## WORK REQUEST
From the line containing "Line((12.5, 62.5), (12.5, 17.5))" to the final line of the material below, copy each line exactly, including both endpoints, and leave out all other lines.

## RECORDED INFORMATION
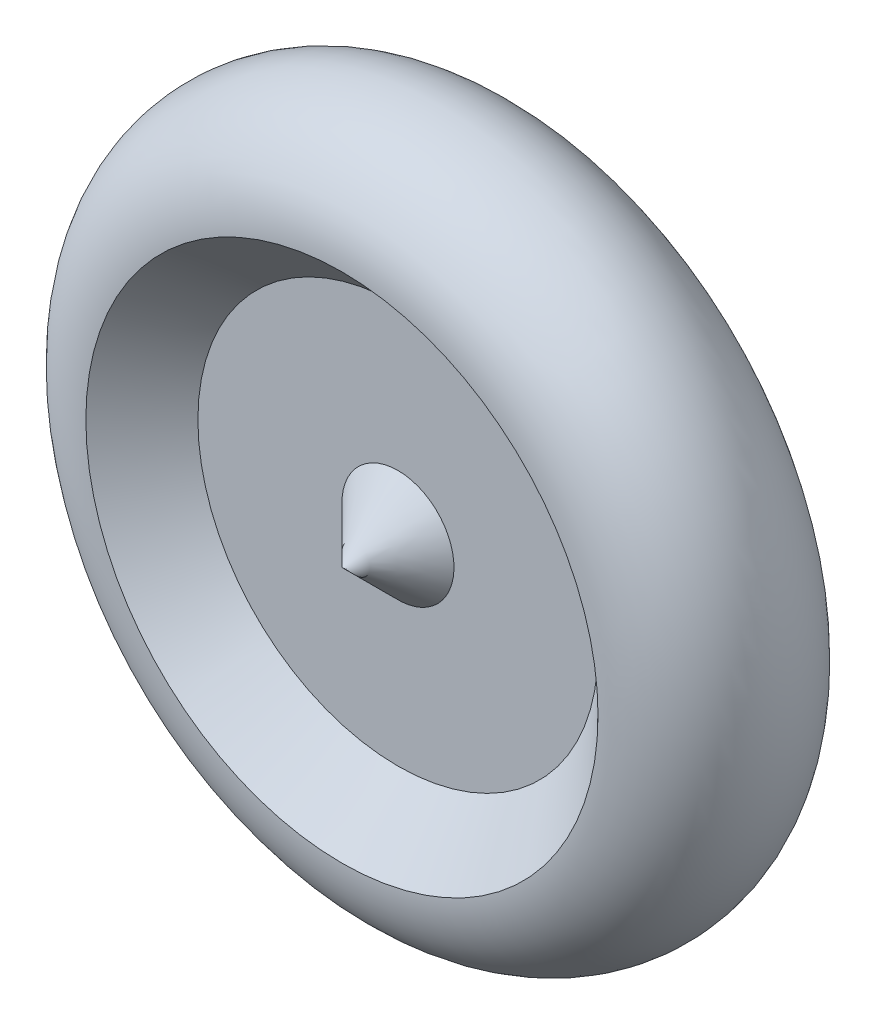
from build123d import *


with BuildPart() as part:
    # Sketch2 → Revolve1 (revolve)
    with BuildSketch(Plane(origin=(0, 0, 0), x_dir=(0, 0, -1), z_dir=(1, 0, 0))):
        with BuildLine():
            Line((30, 0), (-30, 0))
            Line((-30, 0), (-12.5, 17.5))
            Line((-12.5, 17.5), (-12.5, 62.5))
            Line((-12.5, 62.5), (-30, 80))
            ThreePointArc((-30, 80), (0, 110), (30, 80))
            Line((30, 80), (12.5, 62.5))
            Line((12.5, 62.5), (12.5, 17.5))
            Line((12.5, 17.5), (30, 0))
        make_face()
    revolve(axis=Axis((0, 0, -30), (0, 0, 1)))


solid = part.part

## SOLUTION BELOW
            Line((12.5, 62.5), (12.5, 17.5))
            Line((12.5, 17.5), (30, 0))
        make_face()
    revolve(axis=Axis((0, 0, -30), (0, 0, 1)))


solid = part.part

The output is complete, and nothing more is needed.